Automated Alert Grouping: Resolve incidents faster with richer context
With Ashutosh Dwivedi, Ashutosh Pandey, Sachin Adlakha, Suryakant Singh,
Vishnu Parimi, & Anusha Jha
According to a study, an average organization logs about 1200 IT Incidents per month out of which 5 will be critical. Given the increase in complexity of digital infrastructure, an incident is likely to impact multiple resources and services generating a ton of alerts. The mean time to repair for critical incidents is 5.81 hours, which reduces if there are fewer incidents to manage in the first place. On average, a further 7.23 hours are spent on root cause analysis, which is successful 65% of the time.

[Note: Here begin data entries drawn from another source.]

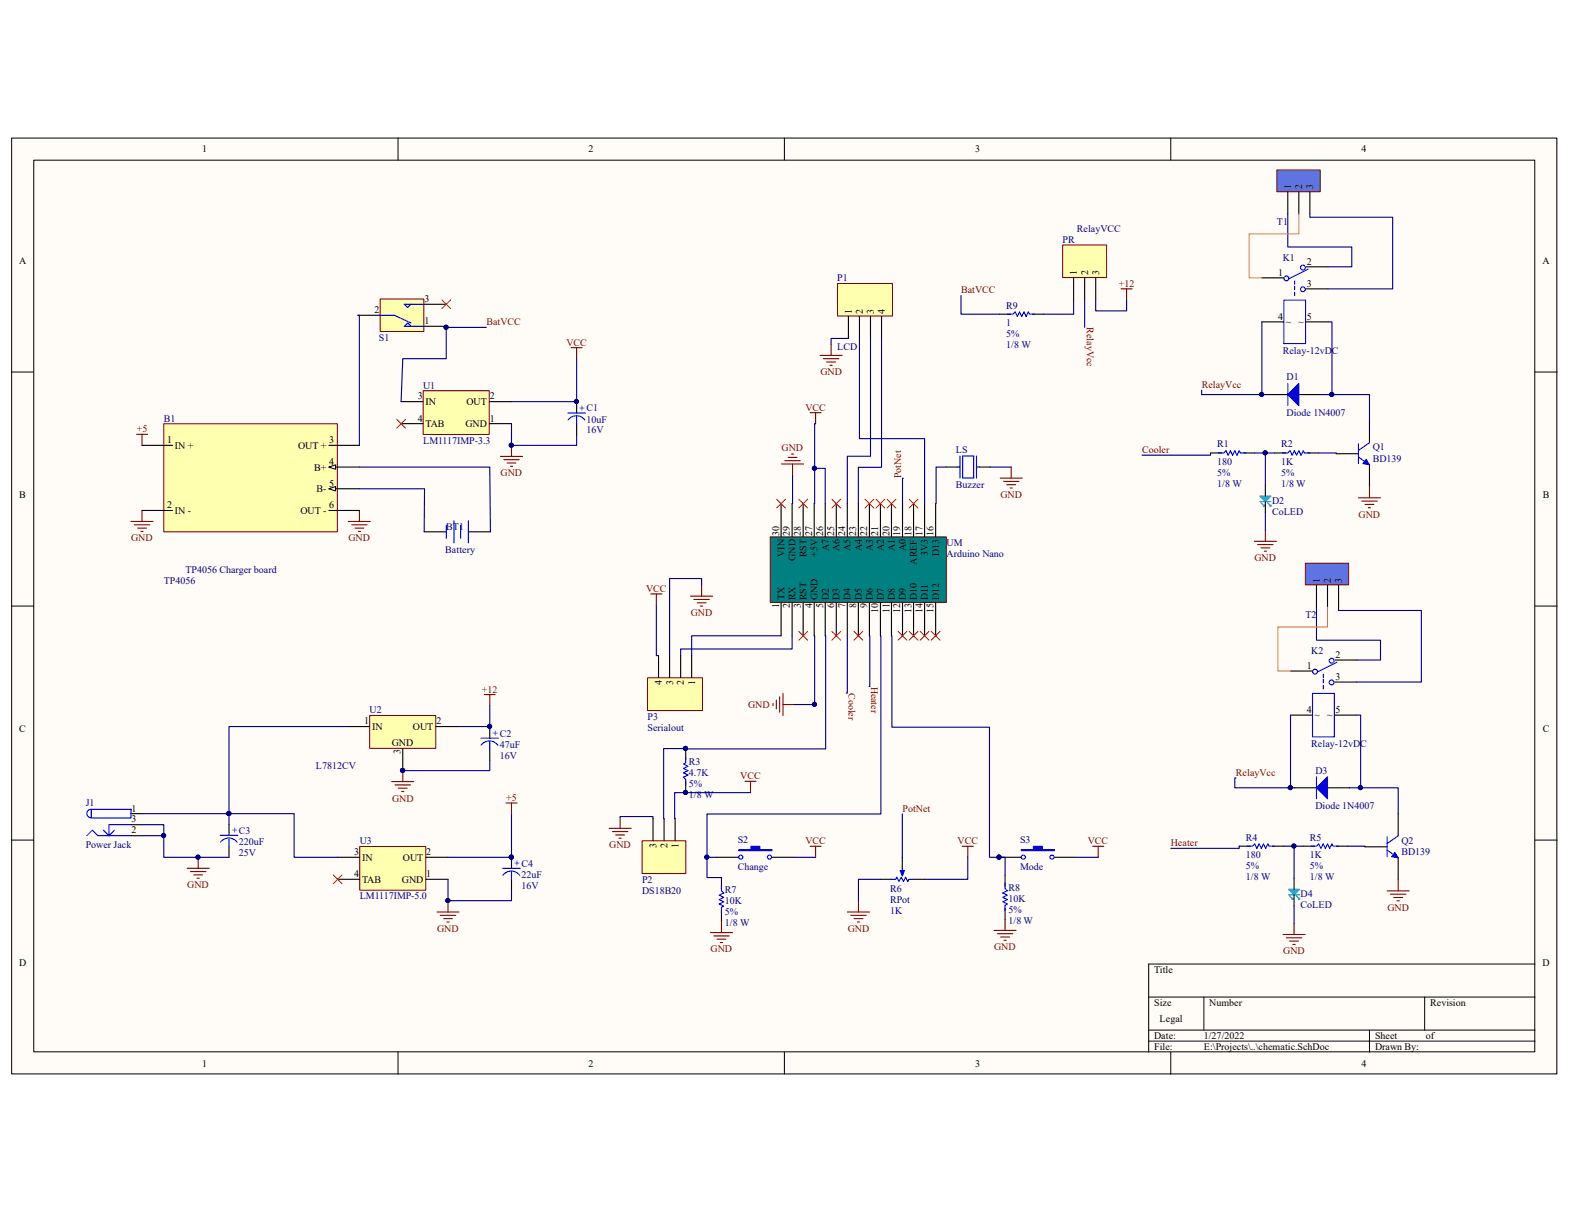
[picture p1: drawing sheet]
<svg xmlns="http://www.w3.org/2000/svg" width="279mm" height="216mm" viewBox="0 0 279 216" stroke-linecap="round" stroke-linejoin="round" font-family="sans-serif">
<path d="M2.1 24.6h275.1v166.7h-275.1z" fill="#fffcf8"/>
<path d="M2.1 24.6h275.1v166.7h-275.1z" fill="none" stroke="#000" stroke-width=".18"/>
<path d="M6.1 28.6h267.2v158.8h-267.2z" fill="#fffcf8"/>
<g fill="none" stroke="#000" stroke-width=".18">
<path d="M6 28.5h267.3v158.9h-267.3zM70.9 24.6v3.9M139.7 24.6v3.9M208.5 24.6v3.9M2.1 66.3h3.9M273.4 66.3h3.9M2.1 108h3.9M273.4 108h3.9M2.1 149.7h3.9M273.4 149.7h3.9M204.6 177.6h68.8M214.4 177.6v5.9"/>
<path d="M253.7 177.6v5.9M273.4 171.7h-68.8v15.7M70.9 187.4v3.9M139.7 187.4v3.9M204.6 183.5h68.8M204.6 185.5h68.8M208.5 187.4v3.9M243.9 183.5v3.9"/>
</g>
<path d="M241.9 79.1v3.5M243.9 78.9l-2 1.3M170.4 83.2h.5M170.9 81.2v4M171.4 81.2h2v4h-2zM173.9 81.2v4M173.9 83.2h.5M241.9 81.4l2 1.4" fill="none" stroke="#00f" stroke-width=".2"/>
<path d="M243.9 74.9v4M168.5 83.2h1.9M174.4 83.2h1.9M225.3 86.4v2M225.3 89.4v1.9M238 80.8h3.9M243.9 82.8v3.9" fill="none" stroke="#000" stroke-width=".2"/>
<path d="M224.3 88.4h2l-1 1zM224.3 89.4h2M224.5 89.6l.6 .5v-.1M224.5 88.4l.6 .6h.2l.4-.4h-.8l.4 .2-.2-.2M224.7 88.6h1.2l-.6 .6zM224.9 90.1h.2M225.5 88.6l-.2 .2M225.7 89.6l.6 .5M226.1 88.4l-.2 .2M226.1 90.1h.2M226.3 90v.1" fill="none" stroke="#009cca" stroke-width=".2"/>
<path d="M243.3 81.8l.6 1-1.2-.2z" fill="#00f"/>
<path d="M243.3 81.8l.6 1-1.2-.2z" fill="none" stroke="#00f" stroke-width=".18"/>
<path d="M224.7 49.5h3.9M224.7 57.3h3.9M232.6 47.5h3.9M232.6 51.5h3.9M232.6 57.3h3.9" fill="none" stroke="#000" stroke-width=".2"/>
<g fill="none" stroke="#00f" stroke-width=".2">
<path d="M228.6 53.5h3.9v7.7h-3.9v-7.6M230.5 50v.7M230.5 51v.6M230.5 52.1v.6M233 47.9l-3.4 1.7"/>
<circle cx="229.1" cy="49.6" r=".43"/>
<circle cx="232" cy="47.7" r=".43"/>
<circle cx="232" cy="51.5" r=".43"/>
</g>
<path d="M178.1 85.2h3.9M178.7 85.8h2.8M179.3 86.3h1.6M179.9 86.9h.4M180.1 83.2v2" fill="none" stroke="#800000" stroke-width=".2"/>
<path d="M64.1 150.8h11.7v7.8h-11.7z" fill="#ffffb0"/>
<path d="M64.1 150.8h11.7v7.8h-11.7z" fill="none" stroke="#800000" stroke-width=".18"/>
<path d="M60.1 152.7h4M60.1 156.6h4M75.9 152.7h3.9M75.9 156.6h3.9" fill="none" stroke="#000" stroke-width=".2"/>
<path d="M75.4 69.6h11.7v7.8h-11.7z" fill="#ffffb0"/>
<path d="M75.4 69.6h11.7v7.8h-11.7z" fill="none" stroke="#800000" stroke-width=".18"/>
<path d="M71.4 71.5h4M71.4 75.5h4M87.2 71.5h3.9M87.2 75.5h3.9" fill="none" stroke="#000" stroke-width=".2"/>
<path d="M65.9 127.5h11.7v5.8h-11.7z" fill="#ffffb0"/>
<path d="M65.8 127.5h11.8v5.8h-11.8z" fill="none" stroke="#800000" stroke-width=".18"/>
<g fill="none" stroke="#000" stroke-width=".2">
<path d="M102.7 71.6v2M102.7 75.5v2M61.9 129.4h3.9M71.7 133.3v4M77.6 129.4h4M87.2 129.5v2M87.2 133.5v1.9M23.3 144.9h2M23.3 148.9h2M23.3 146.9h2M40.8 146.8v2M40.8 150.8v1.9"/>
<path d="M91.1 152.7v2M91.1 156.6v2"/>
</g>
<g fill="#000080" stroke="#000080" stroke-width=".18">
<circle cx="71.7" cy="137.2" r=".37"/>
<circle cx="91.1" cy="152.7" r=".37"/>
<circle cx="91.1" cy="79.3" r=".37"/>
</g>
<g fill="none" stroke="#00f" stroke-width=".2">
<path d="M101.1 73.6h3.2M101.2 74.8a1.84 1.84 0 0 1 2.9 0M102.7 74.2v1.3M85.6 131.5h3.2M85.7 132.7a1.86 1.86 0 0 1 3 .1M87.2 132.1v1.4M15.5 148.9l.9-1 1 1h5.9M16.2 144.2a.75 .75 0 0 0-.7 .7 .75 .75 0 0 0 .7 .8M16.2 144.2h7.1v1.5h-7.1zM20.4 147.9l-1 1M23.3 146.9h-3.9v2l-1-1M39.2 148.8h3.2"/>
<path d="M39.3 150a1.85 1.85 0 0 1 2.9 0M40.8 149.4v1.4M89.5 154.7h3.2M89.6 155.9a1.85 1.85 0 0 1 3 0M91.1 155.3v1.3"/>
</g>
<g fill="none" stroke="#800000" stroke-width=".2">
<path d="M91.1 79.3v2M23.3 92.9h4M23.9 93.5h2.8M24.5 94.1h1.6M25.1 94.7h.4M25.3 90.9v2M62 92.9h4M62.6 93.5h2.8M63.2 94.1h1.6M63.8 94.7h.4M64 90.9v2M89.1 81.3h4"/>
<path d="M89.7 81.9h2.8M90.3 82.5h1.6M90.9 83.1h.4M69.8 139.2h3.9M70.3 139.8h2.8M71.7 137.3v1.9M70.9 140.4h1.6M71.5 141h.4M77.8 162.5h3.9M78.4 163.1h2.8M79 163.6h1.6M79.6 164.2h.4"/>
<path d="M79.8 160.5v2"/>
</g>
<path d="M70.6 74.7l1.6 1.6M72.2 74.7l-1.6 1.6M59.3 155.9l1.6 1.5M60.9 155.9l-1.6 1.5" fill="none" stroke="#f00" stroke-width=".18"/>
<path d="M67.7 53.3h7.8v5.8h-7.8z" fill="#ffffb0"/>
<path d="M67.7 53.3h7.8v5.8h-7.8z" fill="none" stroke="#800000" stroke-width=".18"/>
<path d="M63.7 56.2h4M75.5 58.1h4M75.5 54.2h4M75.5 94.7h4M83.4 94.7h3.9M156.7 156.6h2M162.6 156.6h2" fill="none" stroke="#000" stroke-width=".2"/>
<path d="M67.7 56.2h2.5l3 1.3M73.2 54.2l-.6 .6-.6-.6h3.5M73.2 58.1l-.6-.6-.6 .6h3.5M79.5 93.6v2.3M80.8 92.8v3.9M82 93.6v2.3M83.4 92.8v3.9M160.7 154.7v1" fill="none" stroke="#00f" stroke-width=".2"/>
<path d="M78.7 53.4l1.6 1.6M80.3 53.4l-1.6 1.6" fill="none" stroke="#f00" stroke-width=".18"/>
<g fill="none" stroke="#800000" stroke-width=".2">
<path d="M146 63.3h4M146.6 63.9h2.8M147.2 64.5h1.6M147.8 65.1h.4M148 61.3v2M139.2 82.7h3.9M139.8 82.1h2.7M140.3 81.5h1.6M140.9 80.9h.4M141.1 82.7v1.9M137.7 125.3v.4M138.2 124.7v1.6"/>
<path d="M138.8 124.1v2.8M139.4 123.5v4M139.4 125.5h2"/>
</g>
<path d="M160.3 155.1h.8l-.4 1z" fill="#00f"/>
<path d="M158.7 156.6h.8l.2-.4 .4 .8 .4-.8 .4 .8 .4-.8 .4 .8 .2-.4h.7M160.3 155.1h.8l-.4 1z" fill="none" stroke="#00f" stroke-width=".2"/>
<path d="M127.6 152.7h4M137.5 152.7h3.9M160.7 152.7v2" fill="none" stroke="#000" stroke-width=".2"/>
<path d="M131.6 151.3h2.1v-.5h1.6v.5h2.2v.2h-5.9z" fill-rule="evenodd" fill="#00f"/>
<g fill="none" stroke="#00f" stroke-width=".2">
<path d="M128.5 157.7v1l.4 .4-.8 .4 .8 .4-.8 .3 .8 .4-.8 .4 .8 .4-.4 .2v1M131.6 151.3h2.1v-.5h1.6v.5h2.2v.2h-5.9z"/>
<circle cx="131.9" cy="152.7" r=".37"/>
<circle cx="137" cy="152.7" r=".37"/>
</g>
<path d="M128.5 156.3v2M177.9 152.7h4M187.8 152.7h3.9M128.5 162.2v2" fill="none" stroke="#000" stroke-width=".2"/>
<g fill="none" stroke="#800000" stroke-width=".2">
<path d="M24.3 77.4h2M25.3 77.4v1.9M101.7 61.9h2M102.7 61.9v2M144.3 73.5h1.9M145.2 73.5v2M86.2 123.7h2M87.2 123.7v2M90.1 143h2M91.1 143v2M144.3 150.8h1.9M145.2 150.8v1.9"/>
<path d="M171.3 150.8h2M172.3 150.8v1.9M126.5 166.1h3.9M127.1 166.7h2.8M127.7 167.3h1.6M128.3 167.9h.4M128.5 164.2v1.9M150.9 162.5h3.9M151.5 163.1h2.7M152.1 163.6h1.6M152.7 164.2h.4M152.9 160.5v2"/>
</g>
<circle cx="177.9" cy="152.7" r=".37" fill="#000080" stroke="#000080" stroke-width=".18"/>
<path d="M181.9 151.3h2.1v-.5h1.6v.5h2.2v.2h-5.9z" fill-rule="evenodd" fill="#00f"/>
<g fill="none" stroke="#00f" stroke-width=".2">
<path d="M216.9 80.7h1l.4-.4 .4 .8 .4-.8 .4 .8 .4-.8 .4 .8 .4-.8 .2 .4h1M228.3 80.7h1l.4-.4 .4 .8 .4-.8 .4 .8 .4-.8 .4 .8 .4-.8 .2 .4h1M122.1 134.9v1l-.4 .2 .8 .4-.8 .4 .8 .4-.8 .4 .8 .4-.8 .4 .4 .3v1M179 157.3v1l.4 .4-.8 .4 .8 .4-.8 .4 .8 .3-.8 .4 .8 .4-.4 .2v1M181.9 151.3h2.1v-.5h1.6v.5h2.2v.2h-5.9z"/>
<circle cx="182.2" cy="152.7" r=".37"/>
<circle cx="187.3" cy="152.7" r=".37"/>
</g>
<g fill="#000080" stroke="#000080" stroke-width=".18">
<circle cx="177.9" cy="152.7" r=".37"/>
<circle cx="122.1" cy="141.2" r=".37"/>
<circle cx="122.1" cy="133.3" r=".37"/>
</g>
<path d="M225.4 70.3h3.9M231.3 70.3h3.9M215.6 80.7h1.9M221.5 80.7h1.9M227 80.7h1.9M232.9 80.7h1.9M122.1 133.3v2M122.1 139.2v2M179 155.9v2M179 161.8v2" fill="none" stroke="#000" stroke-width=".2"/>
<g fill="none" stroke="#800000" stroke-width=".2">
<path d="M223.4 96.4h3.9M224 97h2.7M224.5 97.6h1.6M225.1 98.2h.4M225.3 94.5v1.9M132.7 139.2h1.9M133.6 139.2v1.9M108.5 147.6h3.9M109.1 148.1h2.7M109.6 148.7h1.6M110.2 149.3h.4M110.4 145.6v2"/>
<path d="M194.6 150.8h2M195.6 150.8v1.9M177 165.7h3.9M177.6 166.3h2.8M178.2 166.9h1.6M178.8 167.5h.4M179 163.8v1.9"/>
</g>
<path d="M229.3 70.3l2-2v4z" fill="#00f"/>
<path d="M229.3 70.3l2-2v4zM229.3 68.3v4" fill="none" stroke="#00f" stroke-width=".2"/>
<path d="M241.9 88.7h3.9M242.5 89.3h2.7M243.1 89.9h1.6M243.7 90.4h.4M243.9 86.7v2" fill="none" stroke="#800000" stroke-width=".2"/>
<path d="M227.4 30.3h7.7v3.9h-7.7z" fill="#5f74e2"/>
<path d="M227.4 30.3h7.7v3.9h-7.7z" fill="none" stroke="#800000" stroke-width=".18"/>
<path d="M229.3 34.2v3.9M231.3 34.2v3.9M233.3 34.2v3.9M230.4 156.5v1.9M230.4 159.4v2M243.1 150.8h3.9M249 145v3.9M249 152.8v3.9" fill="none" stroke="#000" stroke-width=".2"/>
<path d="M229.5 158.4h1.9l-1 1zM229.5 159.4h1.9M229.7 159.6l.5 .6v-.2M229.7 158.4l.5 .6h.2l.4-.4h-.8l.4 .2-.2-.2M229.9 158.6h1.1l-.6 .6zM230.6 158.6l-.2 .2M230.8 159.6l.6 .6M231.2 158.4l-.2 .2M231.4 160v.2M230 160.2h.2M231.2 160.2h.2" fill="none" stroke="#009cca" stroke-width=".2"/>
<path d="M247 151.4l2 1.4M247 149.1v3.5M249 148.9l-2 1.4" fill="none" stroke="#00f" stroke-width=".2"/>
<path d="M248.4 151.8l.6 1-1.2-.2z" fill="#00f"/>
<path d="M248.4 151.8l.6 1-1.2-.2z" fill="none" stroke="#00f" stroke-width=".18"/>
<path d="M229.8 119.5h3.9M237.7 117.6h3.9M229.8 127.4h3.9M237.7 121.5h3.9M237.7 127.4h3.9M220.7 150.7h1.9M226.6 150.7h1.9M230.5 140.3h3.9M232.1 150.7h1.9M236.4 140.3h3.9M238 150.7h1.9" fill="none" stroke="#000" stroke-width=".2"/>
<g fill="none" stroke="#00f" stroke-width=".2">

Automated Alert Grouping, powered by Freddy, intelligently groups all related alerts and attaches them to the root incident. As a result, DevOps teams can work on fewer incidents and cut through the alert noise quickly, determine the key issues causing the incident faster, and take actions to prevent service degradation/outage confidently.
What are you spending time on – sorting or solving?
Modern digital infrastructure is complex with numerous interdependent components across infrastructure, network, application code and databases. This interconnected nature often causes regular issues with one component to snowball into major incidents.
To illustrate this, let’s take an example. Bob wants to purchase a pair of shoes at Footwear.com but is unable to complete the transaction due to delay in loading the checkout page. Footwear.com’s IT team receives multiple alerts related to checkout page delays – latency alert from the web server hosting the checkout page, failed database requests alert indicating that the checkout page application is unable to fetch Bob’s shipping information, and high memory usage alert from the database due to an unscheduled background process. All these alerts are linked to the root problem of high memory utilization on the database and its inability to respond to queries from applications.
In absence of Automated Grouping, the DevOps team must triage all these alerts individually and determine that they are related to the same incident, thus spending valuable time that could be used to conduct root-cause analysis and resolve the incident.
Alert2Vec: Freddy’s secret sauce for automated alert grouping
Freddy, Freshservice’s AI engine, uses Alert2Vec to group alerts related to an incident. Alert2Vec uses aggregation and time-based correlation to group alerts. Aggregation takes into account alert attributes such as resource name, metric etc. to group related alerts. Time-based correlation is a machine learning model that looks for consistent alert patterns across similar incidents that have occurred in the past.
The basic premise of Alert2Vec is that the alerts that frequently occur together must be correlated and are highly likely caused by the same underlying issue. Thus, grouping them into a single incident would allow the agent to quickly uncover the issue resulting in lower noise and lower MTTR.
Alert2Vec ML algorithm trains on historical alert data to create vector representations (or embeddings) of those alerts in a multi-dimensional space. Historical alerts that are similar (consistently occurring within the same time window, triggered from dependent resources or from the same source) are clustered together in the muti-dimensional space as calculated by the distance between the vectors. When new alerts are triggered, the Alert2Vec algorithm converts them into their vector representations. Alerts related to the same incident share similar context (e.g., occurring within a time window) and hence, will be converted to vectors that fall within the same cluster and grouped together.
Referring to the example above, a spike in memory utilization on the database due to an unscheduled background process led to several related alerts – failed database requests, high latency, and checkout page – impacting upstream services. Alert2Vec will take the historical pattern of these alerts and analyze their content (same resources, integration names, etc.) as well as their co-occurrence patterns to group them together. Thus, the DevOps engineer responsible for this service can look at all the alerts grouped together within a single incident to quickly understand and fix the high memory utilization on a downstream resource (database) that is impacting the upstream services.
Automated Grouping: An evolving model that fits your organization
Each organization has a unique digital infrastructure with an equally unique alert behavior. So, while the Freddy ML engine comes pre-loaded with innate intelligence, it can be trained to comprehend the underlying patterns driving this behavior by manually attaching an alert to an open incident and establishing a correlation. Similarly, an incorrect correlation can be pointed out by manually detaching a Freddy-attached alert from an incident. This continuous learning builds Freddy’s repository of alert and incident patterns unique to an organization.
The algorithm then uses these patterns to suppress unimportant alerts, group together notifications that are indicative of an issue, and attach incoming alerts to open incidents. When suitably trained, Freddy improves the signal to noise ratio and reduces noise up to 50%. Minimal noise coupled with rich incidents enable NOC and DevOps teams to make fast and effective decisions.
Note: Automated Grouping using Freddy ML algorithm is available only to accounts with a large number of notifications and resources. Freshservice will notify you if you qualify to use this feature. You will then need to ‘enable’ Automated Grouping from the Admin pane in the tool.